The major ones were these: He would take the 120,000 men of the Army of the Potomac, and would confront Lee’s 650,000-man Army of Northern Virginia head on, along the Rappahannock River line, in north central Virginia. Secondly, William Tecumseh Sherman, meanwhile, would take 100,000 men, and move southward out of Chattanooga toward Atlanta.
Why Atlanta Was Crucial
Atlanta was a great center of transportation, supply, and manufacturing for the Confederacy. It was probably the second most important Confederate city by this stage of the war, with many others, like Nashville and New Orleans, having passed into United States’ hands.
Sherman’s target, then, was to be Atlanta, Grant’s target was to be Lee’s army. If things went well against Lee’s army, Grant would capture the Confederate capital in Richmond. Once Sherman had taken Atlanta, Sherman and Grant envisioned that Sherman would strike off into the interior of Georgia, and, laying waste to the economic base in that part of the Confederacy, would strike at food production, at rail lines, and manufacturing, in such a way that it would undercut the Confederate war effort.

Sherman’s Vision
Sherman was a most interesting figure. He was tall and slim and redheaded, just a bundle of nervous energy, a real contrast to Grant, who appeared to be phlegmatic, although he had a very active mind and a lot of energy, in some ways. Sherman loved the South; he was very comfortable in the South, and had lived in the South before the war. After secession, he wanted to punish treason.

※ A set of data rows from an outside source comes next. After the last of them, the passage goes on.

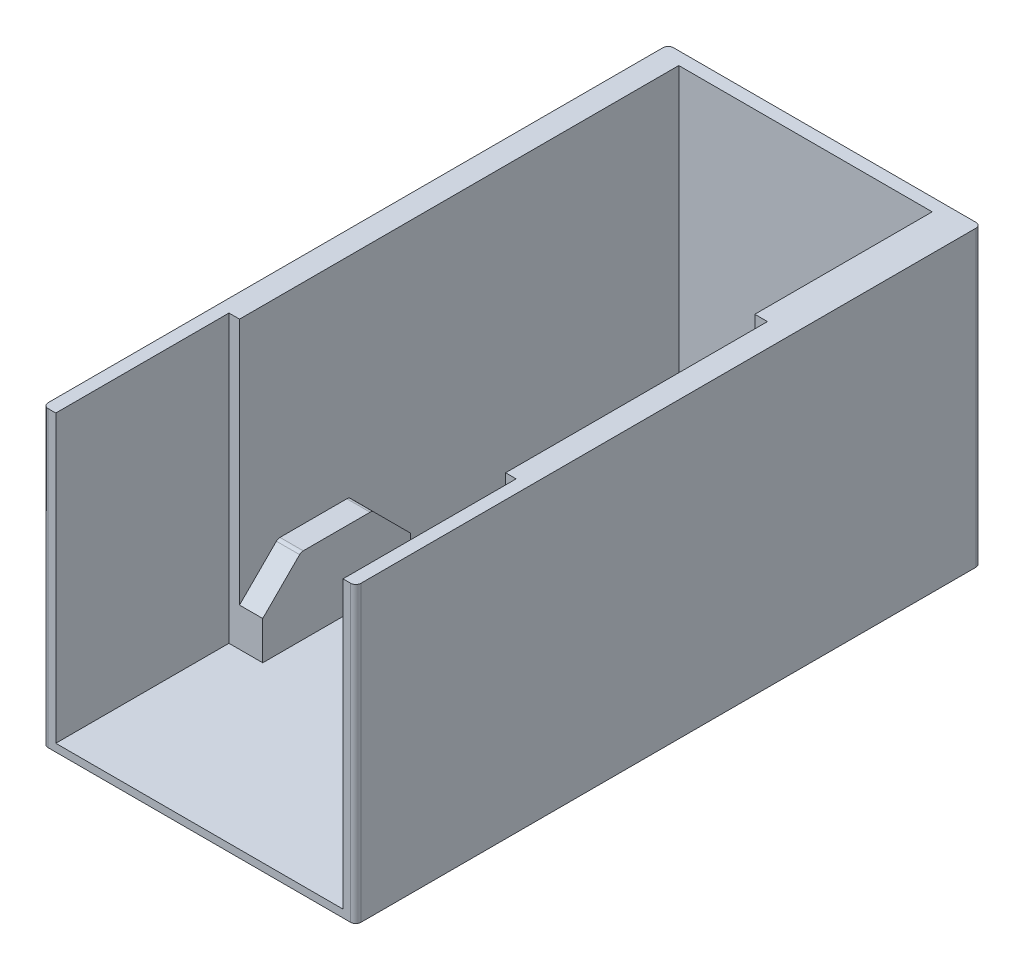
SolidWorks part; units mm, degrees
ref_plane "Front Plane" through (0, 0, 0) normal (0, 0, 1) x (1, 0, 0)
ref_plane "Top Plane" through (0, 0, 0) normal (0, 1, 0) x (1, 0, 0)
ref_plane "Right Plane" through (0, 0, 0) normal (1, 0, 0) x (0, 0, -1)
sketch "Sketch1" plane through (0, 0, 0) normal (0, 1, 0) x (1, 0, 0)
  line L0 (0, 0) -> (0, 2095.5) construction
  line L1 (-863.6, -520.7) -> (863.6, -520.7)
  line L2 (-863.6, -520.7) -> (-863.6, 520.7)
  line L3 (-863.6, 520.7) -> (863.6, 520.7)
  line L4 (863.6, -520.7) -> (863.6, 520.7)
  line L5 (-863.6, -520.7) -> (863.6, 520.7) construction
  line L6 (-863.6, 520.7) -> (863.6, -520.7) construction
  line L7 (-660.4, 520.7) -> (660.4, 520.7)
  line L8 (-660.4, 520.7) -> (-660.4, 1409.7)
  line L9 (-660.4, 1409.7) -> (660.4, 1409.7)
  line L10 (660.4, 520.7) -> (660.4, 1409.7)
  line L12 (-800.1, 1409.7) -> (800.1, 1409.7)
  line L13 (-800.1, 1409.7) -> (-800.1, 2095.5)
  line L14 (-800.1, 2095.5) -> (800.1, 2095.5)
  line L15 (800.1, 1409.7) -> (800.1, 2095.5)
  line L16 (-800.1, 2095.5) -> (723.9, 2095.5)
  line L17 (-800.1, 2095.5) -> (-800.1, 3162.3)
  line L18 (-800.1, 3162.3) -> (723.9, 3162.3)
  line L19 (723.9, 2095.5) -> (723.9, 3162.3)
  point P0 (0, 0)
  point P10 (0, 1409.7)
  point P13 (0, 2095.5)
  dimension "D1" = 1727.2
  dimension "D2" = 1041.4
  dimension "D3" = 1320.8
  dimension "D4" = 889
  dimension "D5" = 1600.2
  dimension "D6" = 685.8
  dimension "D7" = 1524
  dimension "D8" = 1066.8
sketch "Sketch2" plane through (0, 0, 0) normal (0, 1, 0) x (1, 0, 0)
  line L0 (-275, 3062.3) -> (-275, 3012.3) construction
  line L1 (-450, 3012.3) -> (-100, 3012.3)
  line L2 (-450, 3012.3) -> (-450, 2512.3)
  line L3 (-450, 2512.3) -> (-100, 2512.3)
  line L4 (-100, 3012.3) -> (-100, 2512.3)
  line L5 (-500, 3062.3) -> (-50, 3062.3)
  line L6 (-500, 3062.3) -> (-500, 2462.3)
  line L7 (-500, 2462.3) -> (-50, 2462.3)
  line L8 (-50, 3062.3) -> (-50, 2462.3)
  line L9 (-450, 2762.3) -> (-500, 2762.3) construction
  line L10 (100, 3012.3) -> (100, 2512.3)
  line L11 (100, 3012.3) -> (450, 3012.3)
  line L12 (450, 3012.3) -> (450, 2512.3)
  line L13 (100, 2512.3) -> (450, 2512.3)
  line L14 (50, 3062.3) -> (50, 2462.3)
  line L15 (50, 3062.3) -> (500, 3062.3)
  line L16 (500, 3062.3) -> (500, 2462.3)
  line L17 (50, 2462.3) -> (500, 2462.3)
  line L18 (100, 2312.3) -> (100, 1812.3)
  line L19 (100, 2312.3) -> (450, 2312.3)
  line L20 (450, 2312.3) -> (450, 1812.3)
  line L21 (100, 1812.3) -> (450, 1812.3)
  line L22 (50, 2362.3) -> (50, 1762.3)
  line L23 (50, 2362.3) -> (500, 2362.3)
  line L24 (500, 2362.3) -> (500, 1762.3)
  line L25 (50, 1762.3) -> (500, 1762.3)
  line L26 (100, 1612.3) -> (100, 1112.3)
  line L27 (100, 1612.3) -> (450, 1612.3)
  line L28 (450, 1612.3) -> (450, 1112.3)
  line L29 (100, 1112.3) -> (450, 1112.3)
  line L30 (50, 1662.3) -> (50, 1062.3)
  line L31 (50, 1662.3) -> (500, 1662.3)
  line L32 (500, 1662.3) -> (500, 1062.3)
  line L33 (50, 1062.3) -> (500, 1062.3)
  line L34 (100, 912.3) -> (100, 412.3)
  line L35 (100, 912.3) -> (450, 912.3)
  line L36 (450, 912.3) -> (450, 412.3)
  line L37 (100, 412.3) -> (450, 412.3)
  line L38 (50, 962.3) -> (50, 362.3)
  line L39 (50, 962.3) -> (500, 962.3)
  line L40 (500, 962.3) -> (500, 362.3)
  line L41 (50, 362.3) -> (500, 362.3)
  line L42 (-450, 2312.3) -> (-450, 1812.3)
  line L43 (-450, 2312.3) -> (-100, 2312.3)
  line L44 (-100, 2312.3) -> (-100, 1812.3)
  line L45 (-450, 1812.3) -> (-100, 1812.3)
  line L46 (-500, 2362.3) -> (-500, 1762.3)
  line L47 (-500, 2362.3) -> (-50, 2362.3)
  line L48 (-50, 2362.3) -> (-50, 1762.3)
  line L49 (-500, 1762.3) -> (-50, 1762.3)
  line L50 (-450, 1612.3) -> (-450, 1112.3)
  line L51 (-450, 1612.3) -> (-100, 1612.3)
  line L52 (-100, 1612.3) -> (-100, 1112.3)
  line L53 (-450, 1112.3) -> (-100, 1112.3)
  line L54 (-500, 1662.3) -> (-500, 1062.3)
  line L55 (-500, 1662.3) -> (-50, 1662.3)
  line L56 (-50, 1662.3) -> (-50, 1062.3)
  line L57 (-500, 1062.3) -> (-50, 1062.3)
  line L58 (-450, 912.3) -> (-450, 412.3)
  line L59 (-450, 912.3) -> (-100, 912.3)
  line L60 (-100, 912.3) -> (-100, 412.3)
  line L61 (-450, 412.3) -> (-100, 412.3)
  line L62 (-500, 962.3) -> (-500, 362.3)
  line L63 (-500, 962.3) -> (-50, 962.3)
  line L64 (-50, 962.3) -> (-50, 362.3)
  line L65 (-500, 362.3) -> (-50, 362.3)
  line L66 (-450, 3012.3) -> (100, 3012.3) construction
  line L67 (-450, 3012.3) -> (-450, 2312.3) construction
  line L68 (-50, 3062.3) -> (50, 3062.3) construction
  line L69 (0, 3062.3) -> (0, 2095.5) construction
  line L70 (-500, 2462.3) -> (-500, 2362.3)
  line L71 (-550, 3112.3) -> (550, 3112.3)
  line L72 (-550, 3112.3) -> (-550, 312.3)
  line L73 (-550, 312.3) -> (550, 312.3)
  line L74 (550, 3112.3) -> (550, 312.3)
  line L75 (-800.1, 3162.3) -> (723.9, 3162.3) construction
  dimension "D1" = 350
  dimension "D2" = 500
  dimension "D3" = 450
  dimension "D4" = 600
  dimension "D5" = 2
  dimension "D7" = 90
  dimension "D8" = 550
  dimension "D9" = 50
  dimension "D10" = 50
  dimension "D11" = 50
  dimension "D12" = 50
  dimension "D13" = 100
  dimension "D14" = 50
  dimension "D6" = 4
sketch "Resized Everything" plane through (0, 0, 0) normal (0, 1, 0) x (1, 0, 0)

Like Grant, Sherman supported waging war in a way that would bring increasing hardship to the Confederate home front. They were not going to kill Confederate civilians, but they were going to lay waste to anything they could get close to that might be used to support the Confederate war effort: They would burn crops, slaughter livestock, tear up railroads, burn mills, and so forth, so that the economic performance of the Confederacy would suffer.
Expectations of the People
The northern people had very high expectations in April of 1864. Grant was in place, a general who’d won and won and won in the West. They expected success against Lee in the East, finally, and they also expected success from Sherman. They believed that this was going to be the definitive campaign of the war. This would bring United States’ victory.
On the other side, the Confederate people also had quite a bit of optimism going into the spring of 1864. One would think that after Gettysburg and Vicksburg and Chattanooga, and a hard winter in terms of absence of food and difficulty finding all the things one would need for life, the Confederate people would be ready to give up, but they were not.
The principal reason they weren’t is that they maintained an almost unshakable belief that Lee and the Army of Northern Virginia would keep their struggle for independence going long enough for the United States to give up. Thus, both home fronts were looking forward to the spring campaigning in 1864 with a good deal of optimism.
Common Questions about Ulysses Grant, William Sherman, and the Civil War
Grant wanted pressure in Louisiana, Alabama, north Georgia and Virginia together as he thought that pressure all across the military landscape would force the Confederacy into a situation it simply couldn’t manage. It would stretch Confederate resources too thin, and it would bring Union victory.
Sherman did not plan to kill Confederate civilians but lay waste to anything he could get close to that might be used to support the Confederate war effort. He planned to burn crops, slaughter livestock, tear up railroads, burn mills, and so forth, so that the economic performance of the Confederacy would suffer.
The principal reason the Confederate people were not ready to give up was that they maintained an almost unshakable belief that Robert E. Lee and the Army of Northern Virginia would keep their struggle for independence going long enough for the United States to give up.